PROBLEM TO WORK ON: Transcribe, word for word and without additions, each line below from the one containing "settings SFSimCC: MATLABDynamicMemAlloc=off" through the one containing "settings RTWCC: Description=Embedded", both ends included.

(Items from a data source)
====

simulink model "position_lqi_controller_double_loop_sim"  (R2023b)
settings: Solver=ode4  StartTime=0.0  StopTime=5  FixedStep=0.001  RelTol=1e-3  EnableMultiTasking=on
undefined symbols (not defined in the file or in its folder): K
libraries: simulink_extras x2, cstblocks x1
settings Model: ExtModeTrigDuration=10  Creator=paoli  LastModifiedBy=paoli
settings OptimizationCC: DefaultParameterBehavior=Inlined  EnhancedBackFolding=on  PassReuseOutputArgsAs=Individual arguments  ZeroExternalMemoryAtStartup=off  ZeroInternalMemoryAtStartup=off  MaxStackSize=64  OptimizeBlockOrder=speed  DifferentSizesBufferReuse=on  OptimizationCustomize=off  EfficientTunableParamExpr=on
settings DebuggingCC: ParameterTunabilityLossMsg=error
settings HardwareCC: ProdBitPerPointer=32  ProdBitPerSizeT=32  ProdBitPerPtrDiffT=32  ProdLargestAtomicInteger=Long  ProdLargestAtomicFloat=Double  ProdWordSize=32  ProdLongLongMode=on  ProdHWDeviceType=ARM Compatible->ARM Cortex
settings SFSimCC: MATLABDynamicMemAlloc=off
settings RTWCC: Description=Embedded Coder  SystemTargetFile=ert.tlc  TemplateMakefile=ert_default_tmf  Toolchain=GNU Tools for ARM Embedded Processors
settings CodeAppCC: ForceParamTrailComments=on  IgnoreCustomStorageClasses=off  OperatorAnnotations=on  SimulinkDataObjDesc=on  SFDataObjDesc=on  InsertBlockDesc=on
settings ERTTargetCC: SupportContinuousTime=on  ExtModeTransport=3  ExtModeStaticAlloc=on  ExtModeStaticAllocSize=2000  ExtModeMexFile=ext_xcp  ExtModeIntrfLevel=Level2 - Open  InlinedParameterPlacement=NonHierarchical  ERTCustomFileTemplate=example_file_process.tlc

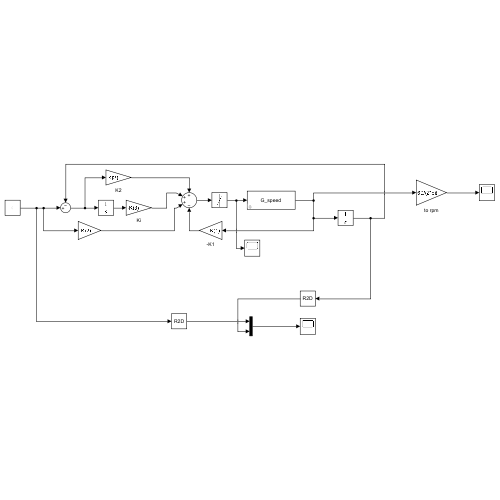
[thumbnail: Simulink's stored preview of the top-level diagram]
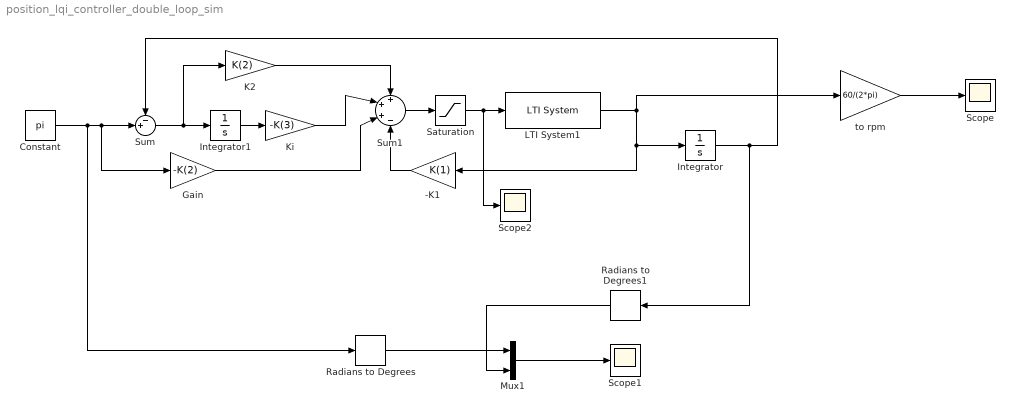
== system position_lqi_controller_double_loop_sim ==
  -K1 : Gain  Gain=K(1)
  Constant : Constant  Value=pi
  Gain : Gain  Gain=-K(2)
  Integrator : Integrator
  Integrator1 : Integrator
  K2 : Gain  Gain=K(2)
  Ki : Gain  Gain=-K(3)
  LTI System1 : cstblocks/LTI System  sys=G_speed  IC=[]  PadeOrder=0
  Mux1 : Mux  Inputs=2
  Radians to Degrees : simulink_extras/Transformations/Radians to Degrees
  Radians to Degrees1 : simulink_extras/Transformations/Radians to Degrees
  Saturation : Saturate  UpperLimit=12  LowerLimit=-12
  Scope : Scope
  Scope1 : Scope
  Scope2 : Scope
  Sum : Sum  Inputs=-+|
  Sum1 : Sum  Inputs=+++-
  to rpm : Gain  Gain=60/(2*pi)
  wires:
  Integrator/1 -> Sum/1, Radians to Degrees1/1
  to rpm/1 -> Scope/1
  Constant/1 -> Gain/1, Sum/2, Radians to Degrees/1
  Mux1/1 -> Scope1/1
  Sum1/1 -> Saturation/1
  Saturation/1 -> Scope2/1, LTI System1/1
  Radians to Degrees/1 -> Mux1/1
  Radians to Degrees1/1 -> Mux1/2
  -K1/1 -> Sum1/4
  K2/1 -> Sum1/1
  Ki/1 -> Sum1/2
  Integrator1/1 -> Ki/1
  Sum/1 -> K2/1, Integrator1/1
  LTI System1/1 -> -K1/1, Integrator/1, to rpm/1
  Gain/1 -> Sum1/3
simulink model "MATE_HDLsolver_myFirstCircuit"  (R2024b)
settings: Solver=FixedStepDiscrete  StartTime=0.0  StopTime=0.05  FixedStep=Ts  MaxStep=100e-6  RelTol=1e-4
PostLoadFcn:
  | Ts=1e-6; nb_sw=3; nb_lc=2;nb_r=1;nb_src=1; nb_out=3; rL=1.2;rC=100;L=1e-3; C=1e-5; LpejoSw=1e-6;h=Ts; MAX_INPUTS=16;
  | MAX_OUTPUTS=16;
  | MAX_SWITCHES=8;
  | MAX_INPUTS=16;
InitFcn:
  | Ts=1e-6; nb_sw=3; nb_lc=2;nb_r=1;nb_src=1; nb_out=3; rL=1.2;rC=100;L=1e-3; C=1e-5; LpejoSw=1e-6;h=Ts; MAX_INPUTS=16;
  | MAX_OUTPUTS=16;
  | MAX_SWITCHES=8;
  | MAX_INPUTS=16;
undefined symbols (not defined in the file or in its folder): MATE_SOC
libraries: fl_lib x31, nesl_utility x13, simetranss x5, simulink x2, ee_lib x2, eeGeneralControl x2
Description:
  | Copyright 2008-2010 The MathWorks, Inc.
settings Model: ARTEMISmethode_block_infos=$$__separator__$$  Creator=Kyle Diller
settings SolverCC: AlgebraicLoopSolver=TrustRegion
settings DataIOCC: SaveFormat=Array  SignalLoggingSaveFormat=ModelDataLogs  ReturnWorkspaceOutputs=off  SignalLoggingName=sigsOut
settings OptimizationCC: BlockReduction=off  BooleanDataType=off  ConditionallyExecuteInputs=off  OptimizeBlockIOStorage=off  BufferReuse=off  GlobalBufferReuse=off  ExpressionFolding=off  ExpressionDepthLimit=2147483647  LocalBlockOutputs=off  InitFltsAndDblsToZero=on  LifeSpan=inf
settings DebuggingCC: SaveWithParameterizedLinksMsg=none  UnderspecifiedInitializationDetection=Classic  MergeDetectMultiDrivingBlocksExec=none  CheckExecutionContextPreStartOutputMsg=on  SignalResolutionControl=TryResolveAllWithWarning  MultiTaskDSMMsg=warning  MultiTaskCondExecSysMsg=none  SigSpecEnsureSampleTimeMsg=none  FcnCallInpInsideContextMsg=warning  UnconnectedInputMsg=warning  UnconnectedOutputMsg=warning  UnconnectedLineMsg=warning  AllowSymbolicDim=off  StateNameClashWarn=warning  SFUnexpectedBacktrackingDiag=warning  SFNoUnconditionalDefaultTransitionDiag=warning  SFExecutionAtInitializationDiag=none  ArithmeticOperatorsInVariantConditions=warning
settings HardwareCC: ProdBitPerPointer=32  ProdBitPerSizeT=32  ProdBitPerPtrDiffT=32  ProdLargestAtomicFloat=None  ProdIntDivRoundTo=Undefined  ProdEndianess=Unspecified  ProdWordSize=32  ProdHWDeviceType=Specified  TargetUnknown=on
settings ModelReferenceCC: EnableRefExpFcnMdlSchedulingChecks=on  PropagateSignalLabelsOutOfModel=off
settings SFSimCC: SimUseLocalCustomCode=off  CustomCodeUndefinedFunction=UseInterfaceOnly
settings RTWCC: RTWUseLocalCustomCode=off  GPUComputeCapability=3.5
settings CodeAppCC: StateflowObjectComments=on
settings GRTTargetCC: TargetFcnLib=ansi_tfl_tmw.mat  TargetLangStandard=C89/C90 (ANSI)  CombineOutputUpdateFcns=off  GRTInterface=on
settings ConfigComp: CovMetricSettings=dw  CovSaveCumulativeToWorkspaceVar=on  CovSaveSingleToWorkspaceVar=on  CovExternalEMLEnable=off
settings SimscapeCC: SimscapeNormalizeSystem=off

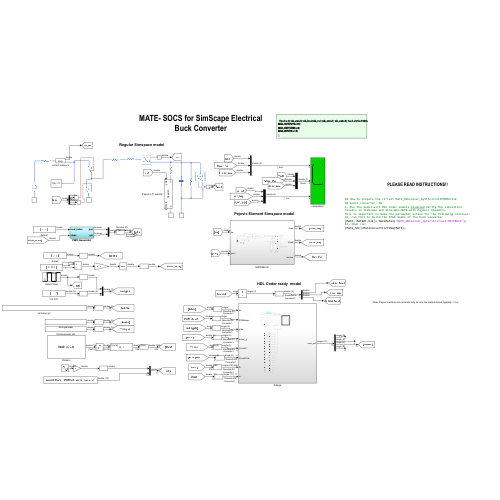
[thumbnail: Simulink's stored preview of the top-level diagram]
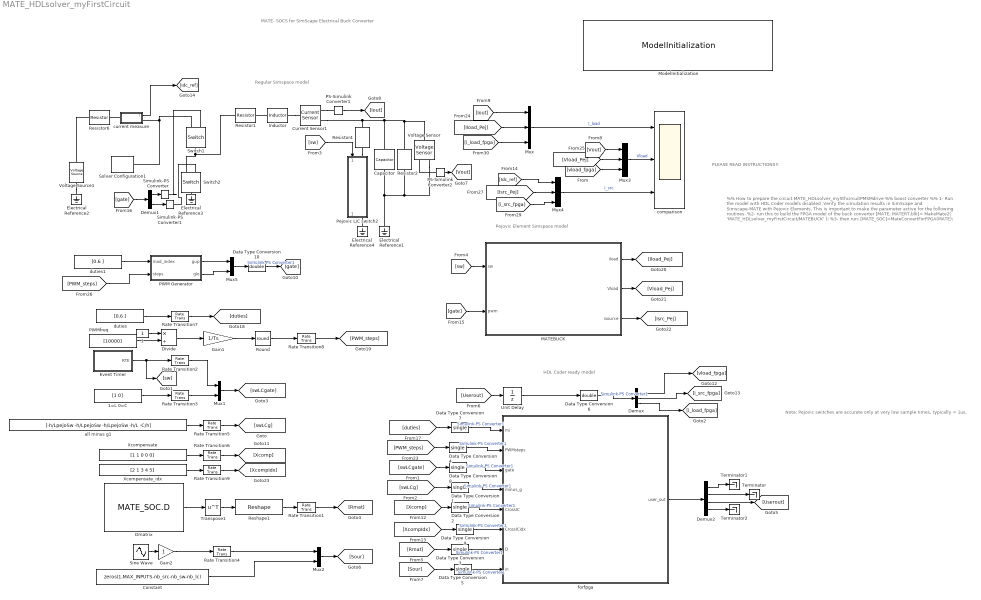
== system MATE_HDLsolver_myFirstCircuit ==
  note: Regular Simspace model
  note: Note: Pejovic switches are accurate only at very low sample times, typically < 1us,
  note: MATE- SOCS for SimScape Electrical
      | Buck Converter
  note: Pejovic Element Simspace model
  note: PLEASE READ INSTRUCTIONS!!
  note: %% How to prepare the circuit MATE_HDLsolver_my5thcircuitPMSMdrive
      | %% boost converter %%
      | 1- Run the model with HDL Coder models disabled .Verify the simulation results in SimScape and Simscape-MATE with Pejovic Elements.
      | This is important to make the parameter active for the following routines.
      | %2- run this to build the FPGA model of the buck converter
      | [MATE, MATERT,blk]= MakeMate2( 'MATE_HDLsolver_myFirstCircuit/MATEBUCK' );
      | %3- then run:
      | [MATE_SOC]=MateConvertForFPGA(MATE);
  note: HDL Coder ready model
  " Event Timer" : Subsystem  Tag=RTEcontrol_s38shd7k88  LoadFcn=|  mask(Timer){is=0 (off), t=[0.01 0.02 0.03 0.04 ], Tmax=0.07, Ts=Ts}
      | xx=get_param(gcb,'linkstatus');      
      | if isequal(xx,'inactive')            
      | set_param(gcb,'linkstatus','restore')
      | end
      mask prompts: is "Initial state"; t "Transition times (s):"; Tmax "Repeat period (s)"; Ts "Sample time (s)"
      mask help: This block generates a Simulink control signal changing at specified transition times.
      mask init:
      | iss=get_param(gcb,'is');
      | if isequal(iss,'0 (off)')
      |     sw(1)=0;
      |     sw(2)=0;
      | else
      |     sw(1)=1;
      |     sw(2)=1;
      | end
      | st(1)=0;
      | st(2)=t(1);
      | 
      | if t(1)==0,
      |    h=errordlg(' The first time specified must be greater than 0 ' , 'Parameter error');
      | end
      | 
      | i=3;
      | tog=0;
      | ptr=2;
      | while length(sw)<=2*length(t)
      |     if tog==0
      |         st=[st st(end)+Ts];
      |         sw=[sw 1-sw(end)];
      |         tog=1;
      |     else
      |         st=[st t(ptr)];
      |         sw=[sw sw(end)];
      |         ptr=ptr+1;
      |         tog=0;
      |     end
      | 
      | end
      |  %st=[st Tmax-Ts Tmax+Ts]
      | % sw=[sw sw(end) sw(1)]
      mask TypeOptions is: 0 (off) | 1 (on)
      mask Display:
      | %plot(0,0,100,100,[70,40,40,20,20,13],[30,30,70,70,30,30]);
      | plot( st(1:end-1), sw(1:end-1) );
  1 : Constant
  1=L 0=C : Constant  Value=[1 0]
  Capacitor : fl_lib/Electrical/Electrical Elements/Capacitor  c=C F  r=0 Ohm  g=0 1/Ohm  i_specify=off  i_priority=None  i=0 A  i_nominal_specify=off  i_nominal_value=1  i_nominal_unit=A  v_specify=off  v_priority=None  v=0 V  v_nominal_specify=off  v_nominal_value=1  v_nominal_unit=V  vc_specify=off  vc_priority=High  vc=0 V  vc_nominal_specify=off  vc_nominal_value=1  vc_nominal_unit=V
  Constant : Constant  Value=zeros(1,MAX_INPUTS-nb_src-nb_sw-nb_lc)
  Current Sensor1 : fl_lib/Electrical/Electrical Sensors/Current Sensor
  Data Type Conversion{1..5,7..9} (8 alike) : DataTypeConversion  OutDataTypeStr=single  RndMeth=Nearest  SaturateOnIntegerOverflow=off
  Data Type Conversion10 : DataTypeConversion  OutDataTypeStr=double  RndMeth=Nearest  SaturateOnIntegerOverflow=off
  Data Type Conversion6 : DataTypeConversion  OutDataTypeStr=double  RndMeth=Nearest  SaturateOnIntegerOverflow=off
  Demux : Demux  Outputs=3
  Demux1 : Demux  Outputs=2
  Demux2 : Demux  Outputs=[nb_sw nb_lc nb_out MAX_OUTPUTS-nb_out-nb_sw-nb_lc]
  Divide : Product  Inputs=*/
  Dmatrix : Constant  Value=MATE_SOC.D
  Electrical Reference{1..4} (4 alike) : fl_lib/Electrical/Electrical Elements/Electrical Reference
  Gain1 : Gain  Gain=1/Ts
  Gain2 : Gain
  Inductor : fl_lib/Electrical/Electrical Elements/Inductor  l=L H  r=0 Ohm  g=1e-9 1/Ohm  i_specify=off  i_priority=None  i=0 A  i_nominal_specify=off  i_nominal_value=1  i_nominal_unit=A  v_specify=off  v_priority=None  v=0 V  v_nominal_specify=off  v_nominal_value=1  v_nominal_unit=V  i_L_specify=off  i_L_priority=High  i_L=0 A  i_L_nominal_specify=off  i_L_nominal_value=1  i_L_nominal_unit=A
  MATEBUCK : Subsystem
  ModelInitialization : simetranss/Usefulls/ModelInitialization  InitFcnX=|  prel=off  posl=on  inif=on  strf=off
      | Ts=1e-6; nb_sw=3; nb_lc=2;nb_r=1;nb_src=1; nb_out=3; rL=1.2;rC=100;L=1e-3; C=1e-5; LpejoSw=1e-6;h=Ts; MAX_INPUTS=16;
      | MAX_OUTPUTS=16;
      | MAX_SWITCHES=8;
      | MAX_INPUTS=16;
  Mux : Mux  Inputs=3
  Mux1 : Mux  Inputs=2
  Mux2 : Mux  Inputs=2
  Mux3 : Mux  Inputs=3
  Mux4 : Mux  Inputs=3
  Mux5 : Mux  Inputs=2
  PS-Simulink Converter1 : nesl_utility/PS-Simulink Converter  PhysicalDomain=network_engine_domain  SubClassName=ps_output  LeftPortType=input  RightPortType=output  PseudoPeriodic=off  Frequencies=[]  VectorFormat=inherit  Unit=inherit  AffineConversion=off
  PS-Simulink Converter2 : nesl_utility/PS-Simulink Converter  PhysicalDomain=network_engine_domain  SubClassName=ps_output  LeftPortType=input  RightPortType=output  PseudoPeriodic=off  Frequencies=[]  VectorFormat=inherit  Unit=inherit  AffineConversion=off
  PWM Generator : Subsystem  Tag=RTEcontrol_s38shd7k88
  PWMfreq : Constant  Value=[10000]
  Pejovic L/C switch2 : Subsystem  AncestorBlock=simetranss/FPGA/Pejovic L//C switch  mask(Pejovic Switch){Lon=LpejoSw, Ts=Ts}
      mask prompts: Lon "Selected equivalent ON inductance (H)"; Ts "Sample Time (s)"
      mask help:
      | Pejovic switch model in SimScape
      |
      | Implements a single phase switch model using the Pejovic constant admittance method.
      | The user only has to select the equivalent ON-state inductance of the model, the corresponding Capacitance is computed internally.
      |
      | In the Pejovic model, Ts/Lon=Coff/Ts (Backward Euler) resulting in a constant admittance for the DAE solver.
      |
      | Input signals;
      |
      | gate: the switch gate value (1 for ON , 0 for OFF)
      mask init:
      | Coff=Ts*Ts/Lon;
      | Rsw=Lon/Ts;
      | 
      | if Ts>2e-6
      |     warndlg(['Sample Time of ' num2str(Ts) ' s. may be somehow large for the Pejovic switch to be accurate. Sample time below 2 us are recommended.'])
      | end
      mask Display: disp(['Pswitch'])
  Rate Transition{1..9} (9 alike) : RateTransition  OutPortSampleTime=1e-06
  Reshape1 : Reshape
  Resistor1 : fl_lib/Electrical/Electrical Elements/Resistor  R=rL Ohm  i_specify=off  i_priority=None  i=0 A  i_nominal_specify=off  i_nominal_value=1  i_nominal_unit=A  v_specify=off  v_priority=None  v=0 V  v_nominal_specify=off  v_nominal_value=1  v_nominal_unit=V
  Resistor2 : fl_lib/Electrical/Electrical Elements/Resistor  R=rC Ohm  i_specify=off  i_priority=None  i=0 A  i_nominal_specify=off  i_nominal_value=1  i_nominal_unit=A  v_specify=off  v_priority=None  v=0 V  v_nominal_specify=off  v_nominal_value=1  v_nominal_unit=V
  Resistor4 : fl_lib/Electrical/Electrical Elements/Resistor  R=rC Ohm  i_specify=off  i_priority=None  i=0 A  i_nominal_specify=off  i_nominal_value=1  i_nominal_unit=A  v_specify=off  v_priority=None  v=0 V  v_nominal_specify=off  v_nominal_value=1  v_nominal_unit=V
  Resistor6 : fl_lib/Electrical/Electrical Elements/Resistor  R=0.01 Ohm  i_specify=off  i_priority=None  i=0 A  i_nominal_specify=off  i_nominal_value=1  i_nominal_unit=A  v_specify=off  v_priority=None  v=0 V  v_nominal_specify=off  v_nominal_value=1  v_nominal_unit=V
  Round : Rounding  Operator=round
  Simulink-PS Converter : nesl_utility/Simulink-PS Converter  PhysicalDomain=network_engine_domain  SubClassName=ps_input  LeftPortType=input  RightPortType=output  PseudoPeriodic=off  Frequencies=[]  NoiseDistribution=none  NoiseParameters=[]  Unit=1  AffineConversion=off  FilteringAndDerivatives=provide  SimscapeFilterOrder=1  InputFilterTimeConstant=0.001  UdotUserProvided=0
  Simulink-PS Converter1 : nesl_utility/Simulink-PS Converter  PhysicalDomain=network_engine_domain  SubClassName=ps_input  LeftPortType=input  RightPortType=output  PseudoPeriodic=off  Frequencies=[]  NoiseDistribution=none  NoiseParameters=[]  Unit=1  AffineConversion=off  FilteringAndDerivatives=provide  SimscapeFilterOrder=1  InputFilterTimeConstant=0.001  UdotUserProvided=0
  Sine Wave : Sin  Amplitude=0  Bias=100  Frequency=0  SampleTime=0
  Solver Configuration1 : nesl_utility/Solver Configuration  PhysicalDomain=network_engine_domain  SubClassName=solver  LeftPortType=input  RightPortType=generic  Tones=[]  Harmonics=[]  SimulateNoise=off  Profile=off  UseLocalSampling=off  EnableSwitchedLinearOptims=on  FrequencyDomain=off  UseCCode=off  RelTol=0.001  AbsTol=0.001  MinStep=1e-09  ToWorkspace=off  RevertToSquareIcSolve=off  NumHomotopyIterations=100  PhasorMode=off  PhasorModeNumHarmonics=1  ConsistencySolver=NEWTON_XTOL_AFTER_FTOL  IndexReductionMethod=DerivativeReplacement  DoDC=off  ResidualTolerance=1e-09  ConsistencyTolSource=GLOBAL  ConsistencyAbsTol=0.001  ConsistencyRelTol=0.001  ConsistencyTolFactor=0.001  UseLocalSolver=on  LocalSolverChoice=NE_BACKWARD_EULER_ADVANCER  ResolveIndetEquations=on  FunctionEvalNumThread=1  LocalSolverSampleTime=Ts  DoFixedCost=on  MaxNonlinIter=1  MaxModeIter=2  ComputeImpulses=off  ImpulseIterations=2  LinearAlgebra=auto  LinearAlgebraNumThread=0  EquationFormulation=NE_TIME_EF  DelaysMemoryBudget=1024  AutomaticFiltering=on  FilteringTimeConstant=0.001  PartitionStorageMethod=AS_NEEDED  PartitionMemoryBudget=1024  PartitionMethod=ROBUST  MultibodyUseLocalSolver=off  MultibodyLocalSolverChoice=ODE1  MultibodyLocalSolverSampleTime=0.001
  Switch1 : fl_lib/Electrical/Electrical Elements/Switch  R_closed=0.001 Ohm  G_open=1e-8 1/Ohm  Threshold=0.5  i_specify=off  i_priority=None  i=0 A  i_nominal_specify=off  i_nominal_value=1  i_nominal_unit=A  v_specify=off  v_priority=None  v=0 V  v_nominal_specify=off  v_nominal_value=1  v_nominal_unit=V
  Switch2 : fl_lib/Electrical/Electrical Elements/Switch  R_closed=0.001 Ohm  G_open=1e-8 1/Ohm  Threshold=0.5  i_specify=off  i_priority=None  i=0 A  i_nominal_specify=off  i_nominal_value=1  i_nominal_unit=A  v_specify=off  v_priority=None  v=0 V  v_nominal_specify=off  v_nominal_value=1  v_nominal_unit=V
  Terminator : Terminator
  Terminator1 : Terminator
  Terminator2 : Terminator
  Transpose1 : Math  Operator=transpose
  Unit Delay : UnitDelay  SampleTime=-1  HasFrameUpgradeWarning=on
  Voltage Sensor : fl_lib/Electrical/Electrical Sensors/Voltage Sensor
  Voltage Source1 : ee_lib/Sources/Voltage Source  dc_voltage=100 V  ac_voltage=0 V  ac_shift=0 rad  ac_frequency=60 Hz  noise_mode=ee.enum.sources.noise.Disabled  PSD=0 V^2/Hz  sample_time=1e-3 s  repeatability=ee.enum.sources.repeatability.NotRepeatable  user_seed=0  auto_seed=1196140742  i_specify=off  i_priority=None  i=0 A  i_nominal_specify=off  i_nominal_value=1  i_nominal_unit=A  v_specify=off  v_priority=None  v=0 V  v_nominal_specify=off  v_nominal_value=1  v_nominal_unit=V
  Xcompensate : Constant  Value=[1 1 0 0 0]
  Xcompensate_idx : Constant  Value=[2 1 3 4 5]
  all minus g1 : Constant  Value=[-h/LpejoSw -h/LpejoSw -h/LpejoSw -h/L -C/h]
  comparison : Scope  NumInputPorts=3
  current measure : Subsystem
      mask Display: disp('amp')
  duties : Constant  Value=[0.6 ]
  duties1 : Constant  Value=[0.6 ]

====

RESPONSE:
settings SFSimCC: MATLABDynamicMemAlloc=off
settings RTWCC: Description=Embedded Coder  SystemTargetFile=ert.tlc  TemplateMakefile=ert_default_tmf  Toolchain=GNU Tools for ARM Embedded Processors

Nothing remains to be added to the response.